Хауден улыбнулся и покачал головой.
— Молодой человек, хочу дать вам совет: никогда, никогда не выходите из себя, когда вы имеете дело с прессой.
Спустя некоторое время, вопреки собственному совету, он вышел из себя. Это случилось в аэропорту Оттавы. Сделав посадку, самолет покатил к пассажирскому аэропорту, а не к зданию канадских военно-воздушных сил, откуда брал старт в рейсе на Вашингтон. Сидя в личном салоне, Джеймс Хауден наслаждался сознанием удачно завершившейся поездки, хотя успехами, достигнутыми в Вашингтоне, он мог поделиться лишь с немногими из своего окружения.
Выглянув в иллюминатор, Маргарет сказала:
— На смотровой площадке собралось довольно много народа. Как ты считаешь, они там, чтобы встретить нас?
— И правда, много.— Перегнувшись через Маргарет, он увидел толпу из нескольких сот людей в зимних пальто, в шапках и шарфах, обмотанных вокруг горла для защиты от пронизывающего ветра. Они плотными рядами облепили перила смотровой площадки, и число их росло с каждой минутой, пока Хаудены наблюдали за ними в иллюминатор.
— Вполне возможно,— сказал он заносчиво,— в конце концов премьер-министр, а не кто-нибудь, важная персона.
— Как хотелось бы скорее покончить со всеми этими формальностями, я ужасно устала.
— Не думаю, чтобы дело затянулось, но мне, наверно, придется выступить с небольшой речью.— В уме стали играючи складываться шаблонные фразы: чрезвычайно успешные переговоры (это он мог заявить без опасения опередить события)... заявление о достигнутых результатах вы услышите в ближайшие дни... стремление к более тесным, сердечным отношениям наших двух стран... был счастлив возобновить свои давние связи и дружбу с президентом.
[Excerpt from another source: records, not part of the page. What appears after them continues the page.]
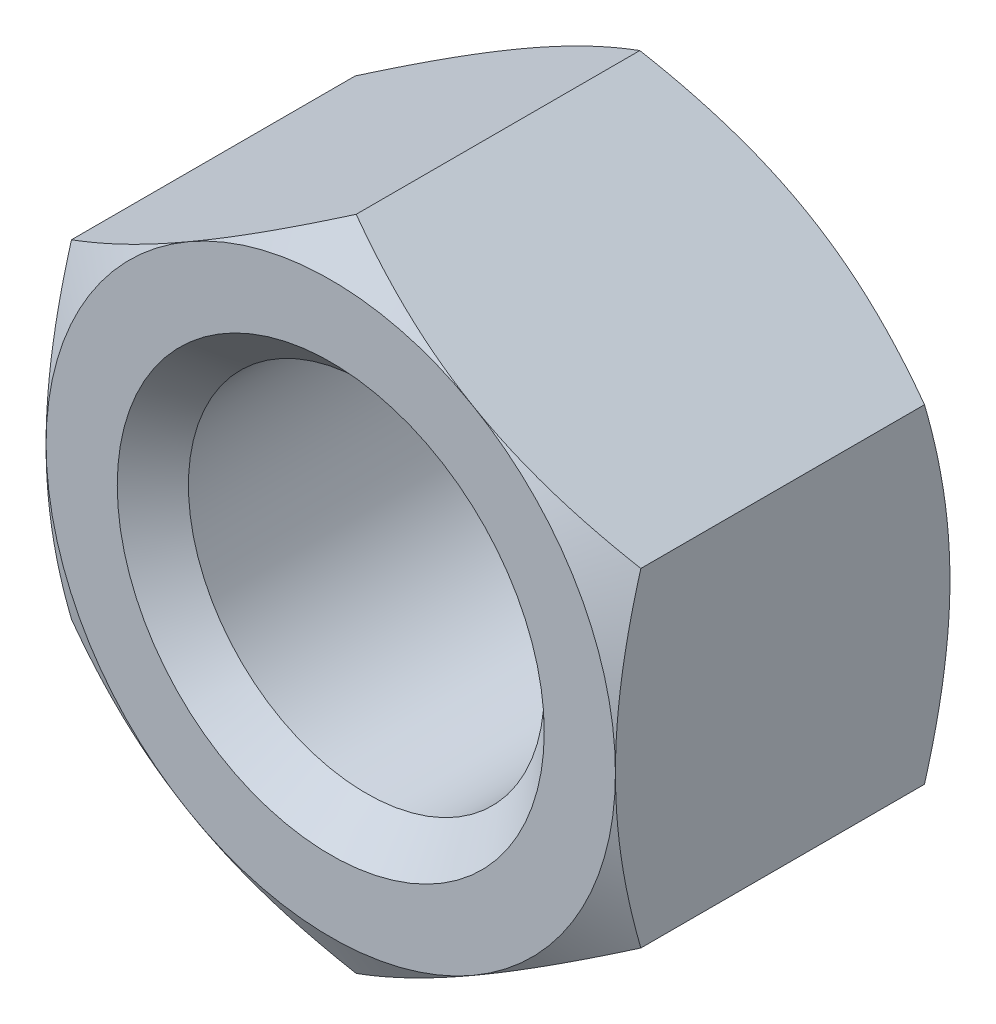
ISO-10303-21;
HEADER;
FILE_DESCRIPTION(('STEP AP214'),'2;1');
FILE_NAME('part.step','',(''),(''),'','','');
FILE_SCHEMA(('AUTOMOTIVE_DESIGN { 1 0 10303 214 1 1 1 1 }'));
ENDSEC;
DATA;
#1=APPLICATION_CONTEXT('core data for automotive mechanical design processes');
#2=APPLICATION_PROTOCOL_DEFINITION('international standard','automotive_design',2000,#1);
#3=PRODUCT_CONTEXT('',#1,'mechanical');
#4=PRODUCT('Part','Part','',(#3));
#5=PRODUCT_RELATED_PRODUCT_CATEGORY('part','',(#4));
#6=PRODUCT_DEFINITION_FORMATION('','',#4);
#7=PRODUCT_DEFINITION_CONTEXT('part definition',#1,'design');
#8=PRODUCT_DEFINITION('design','',#6,#7);
#9=PRODUCT_DEFINITION_SHAPE('','',#8);
#10=(LENGTH_UNIT() NAMED_UNIT(*) SI_UNIT(.MILLI.,.METRE.));
#11=(NAMED_UNIT(*) PLANE_ANGLE_UNIT() SI_UNIT($,.RADIAN.));
#12=(NAMED_UNIT(*) SI_UNIT($,.STERADIAN.) SOLID_ANGLE_UNIT());
#13=UNCERTAINTY_MEASURE_WITH_UNIT(LENGTH_MEASURE(1.E-05),#10,'distance_accuracy_value','');
#14=(GEOMETRIC_REPRESENTATION_CONTEXT(3) GLOBAL_UNCERTAINTY_ASSIGNED_CONTEXT((#13)) GLOBAL_UNIT_ASSIGNED_CONTEXT((#10,
#11,#12)) REPRESENTATION_CONTEXT('',''));
#15=CARTESIAN_POINT('',(0.,0.,0.));
#16=DIRECTION('',(0.,0.,1.));
#17=DIRECTION('',(1.,0.,0.));
#18=AXIS2_PLACEMENT_3D('',#15,#16,#17);
#19=CARTESIAN_POINT('',(0.,0.,4.7));
#20=DIRECTION('',(0.,0.,-1.));
#21=DIRECTION('',(-1.,0.,0.));
#22=AXIS2_PLACEMENT_3D('',#19,#20,#21);
#23=CONICAL_SURFACE('',#22,3.99999999999999,1.0471975511966);
#24=CARTESIAN_POINT('',(-0.0002,4.61891762357084,4.34266774092523));
#25=CARTESIAN_POINT('',(0.175579150323228,4.5174314838138,4.40128212635172));
#26=CARTESIAN_POINT('',(0.35287561632638,4.41506932144051,4.45458967853773));
#27=CARTESIAN_POINT('',(0.710538593175706,4.20857250547739,4.54763832925359));
#28=CARTESIAN_POINT('',(0.89091145897015,4.10443418285647,4.58734651097029));
#29=CARTESIAN_POINT('',(1.24942181870279,3.89744813015756,4.64915778471972));
#30=CARTESIAN_POINT('',(1.42750415293514,3.79463224655059,4.67167226847711));
#31=CARTESIAN_POINT('',(1.78450671716651,3.58851671999023,4.69854937685342));
#32=CARTESIAN_POINT('',(1.9634256496441,3.48521782616117,4.70293425857305));
#33=CARTESIAN_POINT('',(2.29774284219673,3.29219970504619,4.69380992706003));
#34=CARTESIAN_POINT('',(2.45319115998706,3.20245157692486,4.682541046012));
#35=CARTESIAN_POINT('',(2.76307505563505,3.02354002635497,4.6468260092018));
#36=CARTESIAN_POINT('',(2.91750956174413,2.93437722268072,4.62236765428846));
#37=CARTESIAN_POINT('',(3.22803232777458,2.75509682012354,4.56122393508071));
#38=CARTESIAN_POINT('',(3.3840812880631,2.6650019108942,4.52427939634514));
#39=CARTESIAN_POINT('',(3.69385183540384,2.48615580200001,4.44042992745197));
#40=CARTESIAN_POINT('',(3.84757739077378,2.39740231122585,4.39354469778726));
#41=CARTESIAN_POINT('',(4.0002,2.30928560670467,4.34266774092523));
#42=B_SPLINE_CURVE_WITH_KNOTS('',3,(#24,#25,#26,#27,#28,#29,#30,#31,#32,#33,#34,#35,#36,#37,#38,
#39,#40,#41),.UNSPECIFIED.,.F.,.F.,(4,2,2,2,2,2,2,2,4),(0.,0.634047835695965,1.26961969224543,
1.88946157213122,2.50854226669297,3.04757825393385,3.58711366126903,4.13861653143763,
4.68903648037743),.UNSPECIFIED.);
#43=CARTESIAN_POINT('',(0.,4.618802153517,4.34273441009184));
#44=VERTEX_POINT('',#43);
#45=CARTESIAN_POINT('',(2.,3.46410161513775,4.7));
#46=VERTEX_POINT('',#45);
#47=EDGE_CURVE('E293',#44,#46,#42,.T.);
#48=ORIENTED_EDGE('',*,*,#47,.F.);
#49=CARTESIAN_POINT('',(-4.0002,2.30928560670466,4.34266774092523));
#50=CARTESIAN_POINT('',(-3.82442084967677,2.4107717464617,4.40128212635172));
#51=CARTESIAN_POINT('',(-3.64712438367362,2.51313390883499,4.45458967853774));
#52=CARTESIAN_POINT('',(-3.28946140682429,2.71963072479811,4.54763832925359));
#53=CARTESIAN_POINT('',(-3.10908854102985,2.82376904741904,4.58734651097029));
#54=CARTESIAN_POINT('',(-2.75057818129721,3.03075510011795,4.64915778471972));
#55=CARTESIAN_POINT('',(-2.57249584706486,3.13357098372492,4.67167226847711));
#56=CARTESIAN_POINT('',(-2.21549328283349,3.33968651028528,4.69854937685342));
#57=CARTESIAN_POINT('',(-2.0365743503559,3.44298540411434,4.70293425857305));
#58=CARTESIAN_POINT('',(-1.70225715780327,3.63600352522932,4.69380992706003));
#59=CARTESIAN_POINT('',(-1.54680884001293,3.72575165335064,4.682541046012));
#60=CARTESIAN_POINT('',(-1.23692494436494,3.90466320392054,4.6468260092018));
#61=CARTESIAN_POINT('',(-1.08249043825587,3.99382600759478,4.62236765428847));
#62=CARTESIAN_POINT('',(-0.771967672225422,4.17310641015197,4.56122393508071));
#63=CARTESIAN_POINT('',(-0.615918711936897,4.26320131938131,4.52427939634514));
#64=CARTESIAN_POINT('',(-0.306148164596161,4.4420474282755,4.44042992745197));
#65=CARTESIAN_POINT('',(-0.152422609226221,4.53080091904966,4.39354469778726));
#66=CARTESIAN_POINT('',(0.000199999999999767,4.61891762357084,4.34266774092523));
#67=B_SPLINE_CURVE_WITH_KNOTS('',3,(#49,#50,#51,#52,#53,#54,#55,#56,#57,#58,#59,#60,#61,#62,#63,
#64,#65,#66),.UNSPECIFIED.,.F.,.F.,(4,2,2,2,2,2,2,2,4),(0.,0.634047835695965,1.26961969224543,
1.88946157213122,2.50854226669297,3.04757825393386,3.58711366126903,4.13861653143764,
4.68903648037743),.UNSPECIFIED.);
#68=CARTESIAN_POINT('',(-1.99999999999999,3.46410161513775,4.7));
#69=VERTEX_POINT('',#68);
#70=EDGE_CURVE('E187',#69,#44,#67,.T.);
#71=ORIENTED_EDGE('',*,*,#70,.F.);
#72=CARTESIAN_POINT('',(0.,0.,4.7));
#73=DIRECTION('',(0.,0.,1.));
#74=DIRECTION('',(1.,0.,0.));
#75=AXIS2_PLACEMENT_3D('',#72,#73,#74);
#76=CIRCLE('',#75,3.99999999999999);
#77=EDGE_CURVE('E296',#46,#69,#76,.T.);
#78=ORIENTED_EDGE('',*,*,#77,.F.);
#79=EDGE_LOOP('',(#48,#71,#78));
#80=FACE_BOUND('',#79,.T.);
#81=ADVANCED_FACE('F36',(#80),#23,.T.);
#82=CARTESIAN_POINT('',(4.,2.3094010767585,4.34273441009184));
#83=VERTEX_POINT('',#82);
#84=EDGE_CURVE('E230',#46,#83,#42,.T.);
#85=ORIENTED_EDGE('',*,*,#84,.F.);
#86=CARTESIAN_POINT('',(4.,0.,4.7));
#87=VERTEX_POINT('',#86);
#88=EDGE_CURVE('E152',#87,#46,#76,.T.);
#89=ORIENTED_EDGE('',*,*,#88,.F.);
#90=CARTESIAN_POINT('',(4.,-6.15545088747085,2.77110048854843));
#91=CARTESIAN_POINT('',(4.00000000000001,-5.98114186087783,2.85546231457587));
#92=CARTESIAN_POINT('',(4.,-5.80642751098609,2.93900126713936));
#93=CARTESIAN_POINT('',(4.,-5.45597243215449,3.10396963566688));
#94=CARTESIAN_POINT('',(4.,-5.28023154228886,3.18539870937307));
#95=CARTESIAN_POINT('',(4.,-4.9265789566514,3.34610351830733));
#96=CARTESIAN_POINT('',(4.,-4.74866061873608,3.42536468804252));
#97=CARTESIAN_POINT('',(4.,-4.39139197498405,3.5805787660156));
#98=CARTESIAN_POINT('',(4.,-4.21204173874208,3.65653183389324));
#99=CARTESIAN_POINT('',(4.,-3.84601982400982,3.80655169702362));
#100=CARTESIAN_POINT('',(4.,-3.65929378443006,3.8804865972198));
#101=CARTESIAN_POINT('',(4.,-3.2836394607088,4.02264382856622));
#102=CARTESIAN_POINT('',(4.,-3.09471092960005,4.09086551193142));
#103=CARTESIAN_POINT('',(4.,-2.71472052884562,4.21977015945126));
#104=CARTESIAN_POINT('',(4.,-2.52366403524861,4.28046880957509));
#105=CARTESIAN_POINT('',(4.,-2.13881115865353,4.39234809270445));
#106=CARTESIAN_POINT('',(4.,-1.94501567492137,4.44353177498659));
#107=CARTESIAN_POINT('',(4.,-1.55564287611942,4.53362352782791));
#108=CARTESIAN_POINT('',(4.,-1.36008084750245,4.57259643497073));
#109=CARTESIAN_POINT('',(4.,-0.966575851508147,4.63603138466969));
#110=CARTESIAN_POINT('',(4.,-0.768633095505255,4.6604947059061));
#111=CARTESIAN_POINT('',(4.,-0.373920044043125,4.69263778597106));
#112=CARTESIAN_POINT('',(4.,-0.177167442071596,4.7005294825183));
#113=CARTESIAN_POINT('',(4.,0.216304224954209,4.69941524775345));
#114=CARTESIAN_POINT('',(4.,0.413023289047261,4.69040889406233));
#115=CARTESIAN_POINT('',(4.,0.748437665028927,4.66127642659607));
#116=CARTESIAN_POINT('',(4.,0.887496552647106,4.64510883728164));
#117=CARTESIAN_POINT('',(4.,1.16455854560109,4.60536271634653));
#118=CARTESIAN_POINT('',(4.,1.30256149864476,4.58178313562572));
#119=CARTESIAN_POINT('',(4.,1.71482433029255,4.50116982292969));
#120=CARTESIAN_POINT('',(4.,1.98717590850952,4.43427744783848));
#121=CARTESIAN_POINT('',(4.,2.39434499914105,4.31876886880047));
#122=CARTESIAN_POINT('',(4.,2.53128526457542,4.27721333939712));
#123=CARTESIAN_POINT('',(4.,2.80383477839475,4.18990721083544));
#124=CARTESIAN_POINT('',(4.,2.9394440182531,4.14415658482255));
#125=CARTESIAN_POINT('',(4.,3.20937675661789,4.04918430191997));
#126=CARTESIAN_POINT('',(4.,3.34370069023235,3.99996387052887));
#127=CARTESIAN_POINT('',(4.,3.61124396151916,3.89861892121983));
#128=CARTESIAN_POINT('',(4.,3.74446330977272,3.84649443115788));
#129=CARTESIAN_POINT('',(4.,4.04870128818048,3.7242426028733));
#130=CARTESIAN_POINT('',(4.,4.21939338858742,3.65330436320314));
#131=CARTESIAN_POINT('',(4.,4.55940655095512,3.50820657634858));
#132=CARTESIAN_POINT('',(4.,4.72872754365851,3.43404686763082));
#133=CARTESIAN_POINT('',(4.,5.06623845002946,3.28312627237672));
#134=CARTESIAN_POINT('',(4.,5.23442816383921,3.20636493997549));
#135=CARTESIAN_POINT('',(4.,5.5698315542117,3.0507357665636));
#136=CARTESIAN_POINT('',(4.,5.73704521206639,2.97186788533723));
#137=CARTESIAN_POINT('',(4.,6.23775058722222,2.73255382234829));
#138=CARTESIAN_POINT('',(3.99999999999999,6.570010429471,2.56953141935787));
#139=CARTESIAN_POINT('',(3.99999999999999,7.23217091234607,2.23876568472744));
#140=CARTESIAN_POINT('',(3.99999999999999,7.56207147273066,2.07102219346682));
#141=CARTESIAN_POINT('',(3.99999999999999,8.19416831375056,1.74550981190927));
#142=CARTESIAN_POINT('',(3.99999999999999,8.49649716945776,1.58799788792128));
#143=CARTESIAN_POINT('',(3.99999999999999,9.10001953886559,1.27079530104014));
#144=CARTESIAN_POINT('',(3.99999999999999,9.4012130180079,1.11110457250164));
#145=CARTESIAN_POINT('',(3.99999999999999,10.0020291462337,0.790412315732012));
#146=CARTESIAN_POINT('',(3.99999999999999,10.3016538052005,0.629414548139541));
#147=CARTESIAN_POINT('',(3.99999999999999,10.9001707440637,0.306098465029867));
#148=CARTESIAN_POINT('',(3.99999999999999,11.1990630598532,0.143780215987023));
#149=CARTESIAN_POINT('',(3.99999999999999,11.4976828427579,-0.0190342814286935));
#150=B_SPLINE_CURVE_WITH_KNOTS('',3,(#90,#91,#92,#93,#94,#95,#96,#97,#98,#99,#100,#101,#102,
#103,#104,#105,#106,#107,#108,#109,#110,#111,#112,#113,#114,#115,#116,#117,#118,#119,#120,#121,
#122,#123,#124,#125,#126,#127,#128,#129,#130,#131,#132,#133,#134,#135,#136,#137,#138,#139,#140,
#141,#142,#143,#144,#145,#146,#147,#148,#149),.UNSPECIFIED.,.F.,.F.,(4,2,2,2,2,2,2,2,2,2,2,2,2,
2,2,2,2,2,2,2,2,2,2,2,2,2,2,2,2,4),(0.,0.580959133680623,1.16201192606087,1.74630973579809,
2.33057931764387,2.93299929486134,3.53548748440098,4.13669752633278,4.73771456413903,
5.33548401831462,5.93320078527869,6.52322548140264,7.11326492581866,7.5330470873157,
7.95288869194371,8.79305885268669,9.22234391725191,9.6516317300421,10.0807686752929,
10.5099015049321,11.0643958704508,11.6189180720164,12.1735357926845,12.7281641090279,
13.8383962827311,14.9486660387318,15.9713541002379,16.9940730427236,18.0144894037644,
19.0348547100405),.UNSPECIFIED.);
#151=EDGE_CURVE('E228',#83,#87,#150,.F.);
#152=ORIENTED_EDGE('',*,*,#151,.F.);
#153=EDGE_LOOP('',(#85,#89,#152));
#154=FACE_BOUND('',#153,.T.);
#155=ADVANCED_FACE('F284',(#154),#23,.T.);
#156=CARTESIAN_POINT('',(4.,-2.30940107675851,4.34273441009183));
#157=VERTEX_POINT('',#156);
#158=EDGE_CURVE('E223',#87,#157,#150,.F.);
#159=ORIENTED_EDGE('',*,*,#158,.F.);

Что-то в этом роде, решил он, вполне подойдет к данному случаю.
Моторы остановились, дверь распахнулась, к ней подкатили трап. Остальные вежливо расступились, чтобы пропустить первыми Джеймса и Маргарет Хауденов. Светило солнце, бросая на землю тень от облаков, но порывистый ветер над аэродромом был пронизывающе холодным.
На мгновение они задержались на верхней площадке трапа, защищенной от ветра, и Хауден отметил, что толпа, находившаяся не далее чем в сотне ярдов, как-то странно притихла. К ним по трапу семенил с протянутой рукой Стюарт Костон.
— Приветствую вас, — сиял он улыбкой,— и поздравляю вас с прибытием домой!
— Боже,— воскликнула Маргарет,— мы же отсутствовали всего три дня!
— А нам показалось — целую вечность! — заверил ее Костон.— Мы скучали по вас.
Пожимая руку премьер-министру, Улыбчивый Стю пробормотал:
— Великолепный, потрясающий успех! Вы оказали стране великую услугу!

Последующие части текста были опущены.